--- The records Enclosed Below ---
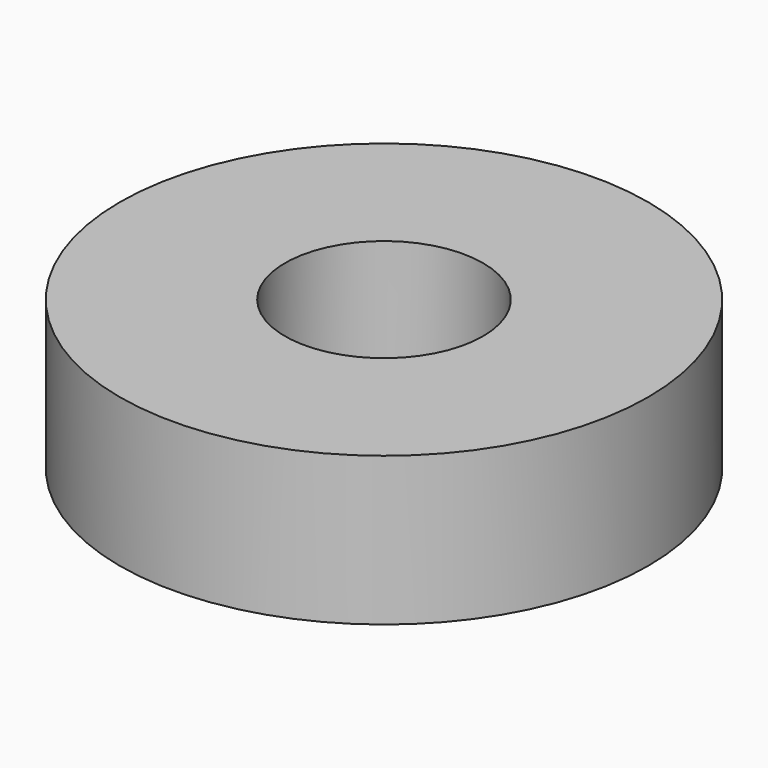
from build123d import *

# Parameters (mm, degrees)
F0_R     = 25.4
F0_R_2   = 9.525
F1_DEPTH = 14.2875


# Not quite as in the source:
# - a length typed as a fraction of an inch, garbled in the dataset ("3 / 203.2 mm" for 3/8 in), is restored


with BuildPart() as f1:
    # F0 (on Top) → F1 (new body)
    with BuildSketch(Plane.XY):
        Circle(F0_R)
        Circle(F0_R_2, mode=Mode.SUBTRACT)
    extrude(amount=F1_DEPTH)


solid = f1.part
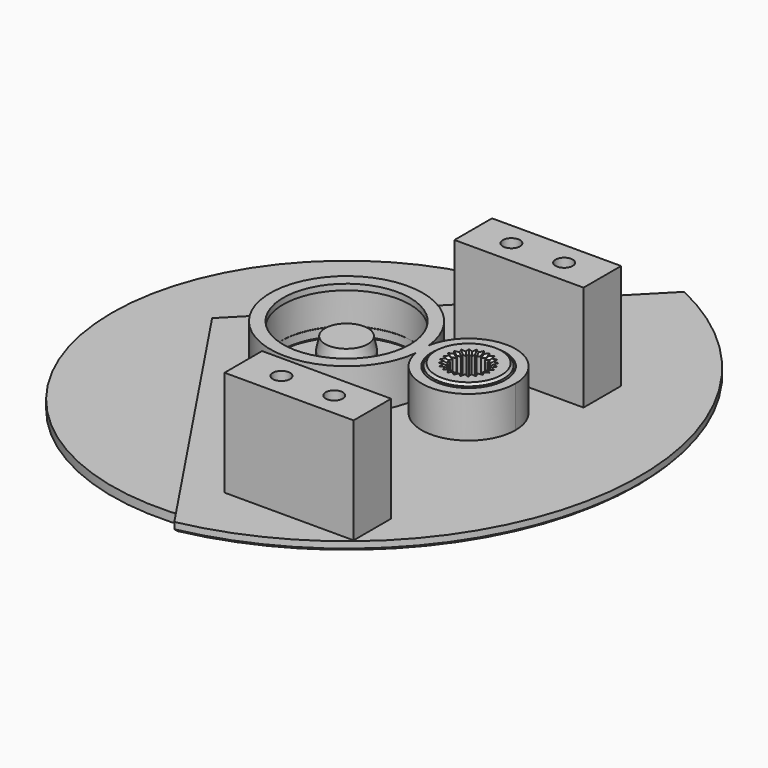
from build123d import *

# Parameters (mm, degrees)
F0_R           = 40
F1_DEPTH       = 1.5
F3_DEPTH       = 3
F4_R           = 4.05
F5_DEPTH       = 6.5
F6_SIZE2       = 2
F6_SIZE        = 0.4
F8_R           = 2
F9_DEPTH       = 2.6
F10_R          = 6
F11_DEPTH      = 9
F12_R          = 11.3
F12_R_2        = 6.2
F13_DEPTH      = 1.5
F14_SIZE       = 0.4
F15_R          = 6.3
F15_R_2        = 11.2
F16_DEPTH      = 7
F17_R          = 11.2
F17_R_2        = 10.8
F18_DEPTH      = 1
F19_C1_SIZE    = 0.4
F19_C2_SIZE    = 0.4
F19_C3_SIZE    = 0.4
F19_C4_SIZE    = 0.4
F19_C5_SIZE    = 0.4
F19_C6_SIZE    = 0.4
F19_C7_SIZE    = 0.4
F19_C8_SIZE    = 0.4
F19_C9_SIZE    = 0.4
F19_C10_SIZE   = 0.4
F19_C11_SIZE   = 0.4
F19_C12_SIZE   = 0.4
F19_C13_SIZE   = 0.4
F19_C14_SIZE   = 0.4
F19_C15_SIZE   = 0.4
F19_C16_SIZE   = 0.4
F19_C17_SIZE   = 0.4
F19_C18_SIZE   = 0.4
F19_C19_SIZE   = 0.4
F19_C20_SIZE   = 0.4
F19_C21_SIZE   = 0.4
F19_C22_SIZE   = 0.4
F19_C23_SIZE   = 0.4
F19_C24_SIZE   = 0.4
F19_C25_SIZE   = 0.4
F19_C26_SIZE   = 0.4
F19_C27_SIZE   = 0.4
F19_C28_SIZE   = 0.4
F19_C29_SIZE   = 0.4
F19_C30_SIZE   = 0.4
F19_C31_SIZE   = 0.4
F19_C32_SIZE   = 0.4
F19_C33_SIZE   = 0.4
F19_C34_SIZE   = 0.4
F19_C35_SIZE   = 0.4
F19_C36_SIZE   = 0.4
F19_C37_SIZE   = 0.4
F19_C38_SIZE   = 0.4
F19_C39_SIZE   = 0.4
F19_C40_SIZE   = 0.4
F19_C41_SIZE   = 0.4
F19_C42_SIZE   = 0.4
F19_C43_SIZE   = 0.4
F19_C44_SIZE   = 0.4
F19_C45_SIZE   = 0.4
F19_C46_SIZE   = 0.4
F19_C47_SIZE   = 0.4
F19_C48_SIZE   = 0.4
F19_C49_SIZE   = 0.4
F19_2_S5_R     = 11.3
F19_2_T6_DEPTH = 18
F21_W          = 22
F21_H          = 8
F21_R          = 1.4665195189
F22_DEPTH      = 18


# Not quite as in the source:
# - a fillet or chamfer that OpenCascade refuses, or shapes differently, is made with other operations: its cross-section is extruded or revolved along the edge and cut away or added


with BuildPart() as f1:
    # F0 (on Top) → F1 (new body)
    with BuildSketch(Plane.XY):
        Circle(F0_R)
    extrude(amount=F1_DEPTH)

    # F2 (on face) → F3 (join)
    with BuildSketch(Plane.XY.offset(1.5)):
        with BuildLine():
            ThreePointArc((6.1294095226, -0.4829629131), (6.3966766701, -0.3043807145), (6.5, 0))
            ThreePointArc((6.5, 0), (6.3966766701, 0.3043807145), (6.1294095226, 0.4829629131))
            ThreePointArc((6.1294095226, 0.4829629131), (5.5, 0), (6.1294095226, -0.4829629131))
        make_face()
        with BuildLine():
            ThreePointArc((6.1294095226, -0.4829629131), (5.5, 0), (6.1294095226, 0.4829629131))
            Line((6.1294095226, 0.4829629131), (4.19755787, 1.0006010033))
            Line((4.19755787, 1.0006010033), (4.1590994684, 1.1144273438))
            Line((4.1590994684, 1.1144273438), (4.1354922509, 1.232233047))
            Line((4.1354922509, 1.232233047), (5.5497058133, 2.6464466094))
            ThreePointArc((5.5497058133, 2.6464466094), (4.7631397208, 2.75), (5.0667429002, 3.4829629131))
            Line((5.0667429002, 3.4829629131), (3.1348912476, 2.9653248229))
            Line((3.1348912476, 2.9653248229), (3.0446721246, 3.0446721246))
            Line((3.0446721246, 3.0446721246), (2.9653248229, 3.1348912476))
            Line((2.9653248229, 3.1348912476), (3.4829629131, 5.0667429002))
            ThreePointArc((3.4829629131, 5.0667429002), (2.75, 4.7631397208), (2.6464466094, 5.5497058133))
            Line((2.6464466094, 5.5497058133), (1.232233047, 4.1354922509))
            Line((1.232233047, 4.1354922509), (1.1144273438, 4.1590994684))
            Line((1.1144273438, 4.1590994684), (1.0006010033, 4.19755787))
            Line((1.0006010033, 4.19755787), (0.4829629131, 6.1294095226))
            ThreePointArc((0.4829629131, 6.1294095226), (0.4957224307, 6.0652630961), (0.5, 6))
            ThreePointArc((0.5, 6), (-0.0652630961, 5.5042775693), (-0.4829629131, 6.1294095226))
            Line((-0.4829629131, 6.1294095226), (-1.0006010033, 4.19755787))
            Line((-1.0006010033, 4.19755787), (-1.1144273438, 4.1590994684))
            Line((-1.1144273438, 4.1590994684), (-1.232233047, 4.1354922509))
            Line((-1.232233047, 4.1354922509), (-2.6464466094, 5.5497058133))
            ThreePointArc((-2.6464466094, 5.5497058133), (-2.5380602337, 5.3874941389), (-2.5, 5.1961524227))
            ThreePointArc((-2.5, 5.1961524227), (-2.9347369039, 4.700429992), (-3.4829629131, 5.0667429002))
            Line((-3.4829629131, 5.0667429002), (-2.9653248229, 3.1348912476))
            Line((-2.9653248229, 3.1348912476), (-3.0446721246, 3.0446721246))
            Line((-3.0446721246, 3.0446721246), (-3.1348912476, 2.9653248229))
            Line((-3.1348912476, 2.9653248229), (-5.0667429002, 3.4829629131))
            ThreePointArc((-5.0667429002, 3.4829629131), (-4.7994757526, 3.3043807145), (-4.6961524227, 3))
            ThreePointArc((-4.6961524227, 3), (-5.0048107065, 2.5380602337), (-5.5497058133, 2.6464466094))
            Line((-5.5497058133, 2.6464466094), (-4.1354922509, 1.232233047))
            Line((-4.1354922509, 1.232233047), (-4.1590994684, 1.1144273438))
            Line((-4.1590994684, 1.1144273438), (-4.19755787, 1.0006010033))
            Line((-4.19755787, 1.0006010033), (-6.1294095226, 0.4829629131))
            ThreePointArc((-6.1294095226, 0.4829629131), (-5.6956192855, 0.3966766701), (-5.5, 0))
            ThreePointArc((-5.5, 0), (-5.6956192855, -0.3966766701), (-6.1294095226, -0.4829629131))
            Line((-6.1294095226, -0.4829629131), (-4.19755787, -1.0006010033))
            Line((-4.19755787, -1.0006010033), (-4.1590994684, -1.1144273438))
            Line((-4.1590994684, -1.1144273438), (-4.1354922509, -1.232233047))
            Line((-4.1354922509, -1.232233047), (-5.5497058133, -2.6464466094))
            ThreePointArc((-5.5497058133, -2.6464466094), (-5.0048107065, -2.5380602337), (-4.6961524227, -3))
            ThreePointArc((-4.6961524227, -3), (-4.7994757526, -3.3043807145), (-5.0667429002, -3.4829629131))
            Line((-5.0667429002, -3.4829629131), (-3.1348912476, -2.9653248229))
            Line((-3.1348912476, -2.9653248229), (-3.0446721246, -3.0446721246))
            Line((-3.0446721246, -3.0446721246), (-2.9653248229, -3.1348912476))
            Line((-2.9653248229, -3.1348912476), (-3.4829629131, -5.0667429002))
            ThreePointArc((-3.4829629131, -5.0667429002), (-2.9347369039, -4.700429992), (-2.5, -5.1961524227))
            ThreePointArc((-2.5, -5.1961524227), (-2.5380602337, -5.3874941389), (-2.6464466094, -5.5497058133))
            Line((-2.6464466094, -5.5497058133), (-1.232233047, -4.1354922509))
            Line((-1.232233047, -4.1354922509), (-1.1144273438, -4.1590994684))
            Line((-1.1144273438, -4.1590994684), (-1.0006010033, -4.19755787))
            Line((-1.0006010033, -4.19755787), (-0.4829629131, -6.1294095226))
            ThreePointArc((-0.4829629131, -6.1294095226), (-0.0652630961, -5.5042775693), (0.5, -6))
            ThreePointArc((0.5, -6), (0.4957224307, -6.0652630961), (0.4829629131, -6.1294095226))
            Line((0.4829629131, -6.1294095226), (1.0006010033, -4.19755787))
            Line((1.0006010033, -4.19755787), (1.1144273438, -4.1590994684))
            Line((1.1144273438, -4.1590994684), (1.232233047, -4.1354922509))
            Line((1.232233047, -4.1354922509), (2.6464466094, -5.5497058133))
            ThreePointArc((2.6464466094, -5.5497058133), (2.75, -4.7631397208), (3.4829629131, -5.0667429002))
            Line((3.4829629131, -5.0667429002), (2.9653248229, -3.1348912476))
            Line((2.9653248229, -3.1348912476), (3.0446721246, -3.0446721246))
            Line((3.0446721246, -3.0446721246), (3.1348912476, -2.9653248229))
            Line((3.1348912476, -2.9653248229), (5.0667429002, -3.4829629131))
            ThreePointArc((5.0667429002, -3.4829629131), (4.7631397208, -2.75), (5.5497058133, -2.6464466094))
            Line((5.5497058133, -2.6464466094), (4.1354922509, -1.232233047))
            Line((4.1354922509, -1.232233047), (4.1590994684, -1.1144273438))
            Line((4.1590994684, -1.1144273438), (4.19755787, -1.0006010033))
            Line((4.19755787, -1.0006010033), (6.1294095226, -0.4829629131))
        make_face()
        with BuildLine():
            ThreePointArc((5.0667429002, 3.4829629131), (4.7631397208, 2.75), (5.5497058133, 2.6464466094))
            ThreePointArc((5.5497058133, 2.6464466094), (5.658092189, 2.8086582838), (5.6961524227, 3))
            ThreePointArc((5.6961524227, 3), (5.5005331372, 3.3966766701), (5.0667429002, 3.4829629131))
        make_face()
        with BuildLine():
            ThreePointArc((5.6961524227, -3), (5.658092189, -2.8086582838), (5.5497058133, -2.6464466094))
            ThreePointArc((5.5497058133, -2.6464466094), (4.7631397208, -2.75), (5.0667429002, -3.4829629131))
            ThreePointArc((5.0667429002, -3.4829629131), (5.5005331372, -3.3966766701), (5.6961524227, -3))
        make_face()
        with BuildLine():
            ThreePointArc((2.6464466094, 5.5497058133), (2.75, 4.7631397208), (3.4829629131, 5.0667429002))
            ThreePointArc((3.4829629131, 5.0667429002), (3.4957224307, 5.1308893266), (3.5, 5.1961524227))
            ThreePointArc((3.5, 5.1961524227), (3.1913417162, 5.658092189), (2.6464466094, 5.5497058133))
        make_face()
        with BuildLine():
            ThreePointArc((3.5, -5.1961524227), (3.4957224307, -5.1308893266), (3.4829629131, -5.0667429002))
            ThreePointArc((3.4829629131, -5.0667429002), (2.75, -4.7631397208), (2.6464466094, -5.5497058133))
            ThreePointArc((2.6464466094, -5.5497058133), (3.1913417162, -5.658092189), (3.5, -5.1961524227))
        make_face()
        with BuildLine():
            ThreePointArc((0.5, 6), (0.4957224307, 6.0652630961), (0.4829629131, 6.1294095226))
            ThreePointArc((0.4829629131, 6.1294095226), (0, 6.5), (-0.4829629131, 6.1294095226))
            ThreePointArc((-0.4829629131, 6.1294095226), (-0.0652630961, 5.5042775693), (0.5, 6))
        make_face()
        with BuildLine():
            ThreePointArc((-0.4829629131, -6.1294095226), (0, -6.5), (0.4829629131, -6.1294095226))
            ThreePointArc((0.4829629131, -6.1294095226), (0.4957224307, -6.0652630961), (0.5, -6))
            ThreePointArc((0.5, -6), (-0.0652630961, -5.5042775693), (-0.4829629131, -6.1294095226))
        make_face()
        with BuildLine():
            ThreePointArc((-2.5, 5.1961524227), (-2.5380602337, 5.3874941389), (-2.6464466094, 5.5497058133))
            ThreePointArc((-2.6464466094, 5.5497058133), (-3.25, 5.6291651246), (-3.4829629131, 5.0667429002))
            ThreePointArc((-3.4829629131, 5.0667429002), (-2.9347369039, 4.700429992), (-2.5, 5.1961524227))
        make_face()
        with BuildLine():
            ThreePointArc((-3.4829629131, -5.0667429002), (-3.25, -5.6291651246), (-2.6464466094, -5.5497058133))
            ThreePointArc((-2.6464466094, -5.5497058133), (-2.5380602337, -5.3874941389), (-2.5, -5.1961524227))
            ThreePointArc((-2.5, -5.1961524227), (-2.9347369039, -4.700429992), (-3.4829629131, -5.0667429002))
        make_face()
        with BuildLine():
            ThreePointArc((-4.6961524227, 3), (-4.7994757526, 3.3043807145), (-5.0667429002, 3.4829629131))
            ThreePointArc((-5.0667429002, 3.4829629131), (-5.6291651246, 3.25), (-5.5497058133, 2.6464466094))
            ThreePointArc((-5.5497058133, 2.6464466094), (-5.0048107065, 2.5380602337), (-4.6961524227, 3))
        make_face()
        with BuildLine():
            ThreePointArc((-5.5497058133, -2.6464466094), (-5.6291651246, -3.25), (-5.0667429002, -3.4829629131))
            ThreePointArc((-5.0667429002, -3.4829629131), (-4.7994757526, -3.3043807145), (-4.6961524227, -3))
            ThreePointArc((-4.6961524227, -3), (-5.0048107065, -2.5380602337), (-5.5497058133, -2.6464466094))
        make_face()
        with BuildLine():
            ThreePointArc((-5.5, 0), (-5.6956192855, 0.3966766701), (-6.1294095226, 0.4829629131))
            ThreePointArc((-6.1294095226, 0.4829629131), (-6.5, 0), (-6.1294095226, -0.4829629131))
            ThreePointArc((-6.1294095226, -0.4829629131), (-5.6956192855, -0.3966766701), (-5.5, 0))
        make_face()
    extrude(amount=F3_DEPTH)

    # F4 (on face) → F5 (join)
    with BuildSketch(Plane.XY.offset(4.5)):
        Circle(F4_R)
    extrude(amount=F5_DEPTH)

    # F6
    f6_edges = [f1.edges().sort_by_distance(p)[0] for p in [
        (-4.05, 0, 11),
    ]]
    f6_side = f1.faces().sort_by_distance((0, 0, 11))[0]
    chamfer(f6_edges, length=F6_SIZE, length2=F6_SIZE2, reference=f6_side)


with BuildPart() as f9:
    # F8 (on offset) → F9 (new body)
    with BuildSketch(Plane.XY.offset(4.75)):
        with BuildLine():
            ThreePointArc((36.005212086, -0.5638155725), (36.2914912266, -0.3441458618), (36.4, 0))
            ThreePointArc((36.4, 0), (36.2914912266, 0.3441458618), (36.005212086, 0.5638155725))
            ThreePointArc((36.005212086, 0.5638155725), (35.2, 0), (36.005212086, -0.5638155725))
        make_face()
        with BuildLine():
            ThreePointArc((36.005212086, -0.5638155725), (35.2, 0), (36.005212086, 0.5638155725))
            Line((36.005212086, 0.5638155725), (34.5956731548, 1.0768457875))
            Line((34.5956731548, 1.0768457875), (34.2894922687, 1.7759253484))
            Line((34.2894922687, 1.7759253484), (34.4043051897, 2.5304297954))
            Line((34.4043051897, 2.5304297954), (35.6330332561, 3.39079445))
            ThreePointArc((35.6330332561, 3.39079445), (34.7093318986, 3.7269942495), (35.34118084, 4.4800024954))
            Line((35.34118084, 4.4800024954), (33.8468887928, 4.6107361095))
            Line((33.8468887928, 4.6107361095), (33.3702056631, 5.2067496675))
            Line((33.3702056631, 5.2067496675), (33.2858263081, 5.9652607695))
            Line((33.2858263081, 5.9652607695), (34.2500077226, 7.1143274342))
            ThreePointArc((34.2500077226, 7.1143274342), (33.2707658145, 7.2), (33.6861921502, 8.0908846518))
            Line((33.6861921502, 8.0908846518), (32.2089805206, 7.8304123853))
            Line((32.2089805206, 7.8304123853), (31.5942803147, 8.2827426013))
            Line((31.5942803147, 8.2827426013), (31.3164589974, 8.9935690802))
            Line((31.3164589974, 8.9935690802), (31.95038639, 10.3530307608))
            ThreePointArc((31.95038639, 10.3530307608), (30.9823376491, 10.1823376491), (31.1530307608, 11.15038639))
            Line((31.1530307608, 11.15038639), (29.7935690802, 10.5164589974))
            Line((29.7935690802, 10.5164589974), (29.0827426013, 10.7942803147))
            Line((29.0827426013, 10.7942803147), (28.6304123853, 11.4089805206))
            Line((28.6304123853, 11.4089805206), (28.8908846518, 12.8861921502))
            ThreePointArc((28.8908846518, 12.8861921502), (28, 12.4707658145), (27.9143274342, 13.4500077226))
            Line((27.9143274342, 13.4500077226), (26.7652607695, 12.4858263081))
            Line((26.7652607695, 12.4858263081), (26.0067496675, 12.5702056631))
            Line((26.0067496675, 12.5702056631), (25.4107361095, 13.0468887928))
            Line((25.4107361095, 13.0468887928), (25.2800024954, 14.54118084))
            ThreePointArc((25.2800024954, 14.54118084), (25.2817146095, 14.5150590268), (25.2822856765, 14.4888873943))
            ThreePointArc((25.2822856765, 14.4888873943), (24.5018621968, 13.9166572239), (24.19079445, 14.8330332561))
            Line((24.19079445, 14.8330332561), (23.3304297954, 13.6043051897))
            Line((23.3304297954, 13.6043051897), (22.5759253484, 13.4894922687))
            Line((22.5759253484, 13.4894922687), (21.8768457875, 13.7956731548))
            Line((21.8768457875, 13.7956731548), (21.3638155725, 15.205212086))
            ThreePointArc((21.3638155725, 15.205212086), (21.3908846518, 15.1041889066), (21.4, 15))
            ThreePointArc((21.4, 15), (20.6958110934, 14.4091153482), (20.2361844275, 15.205212086))
            Line((20.2361844275, 15.205212086), (19.7231542125, 13.7956731548))
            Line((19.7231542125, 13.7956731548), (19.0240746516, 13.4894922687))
--- End of Enclosed The records ---
§ Work instruction: Return exactly the lines from the line holding "13.0468887928), (25.2800024954, 14.54118084))" to the last line of the data, with both of those lines included and nothing added.

§ Reply to the exercise:
            Line((25.4107361095, 13.0468887928), (25.2800024954, 14.54118084))
            ThreePointArc((25.2800024954, 14.54118084), (25.2817146095, 14.5150590268), (25.2822856765, 14.4888873943))
            ThreePointArc((25.2822856765, 14.4888873943), (24.5018621968, 13.9166572239), (24.19079445, 14.8330332561))
            Line((24.19079445, 14.8330332561), (23.3304297954, 13.6043051897))
            Line((23.3304297954, 13.6043051897), (22.5759253484, 13.4894922687))
            Line((22.5759253484, 13.4894922687), (21.8768457875, 13.7956731548))
            Line((21.8768457875, 13.7956731548), (21.3638155725, 15.205212086))
            ThreePointArc((21.3638155725, 15.205212086), (21.3908846518, 15.1041889066), (21.4, 15))
            ThreePointArc((21.4, 15), (20.6958110934, 14.4091153482), (20.2361844275, 15.205212086))
            Line((20.2361844275, 15.205212086), (19.7231542125, 13.7956731548))
            Line((19.7231542125, 13.7956731548), (19.0240746516, 13.4894922687))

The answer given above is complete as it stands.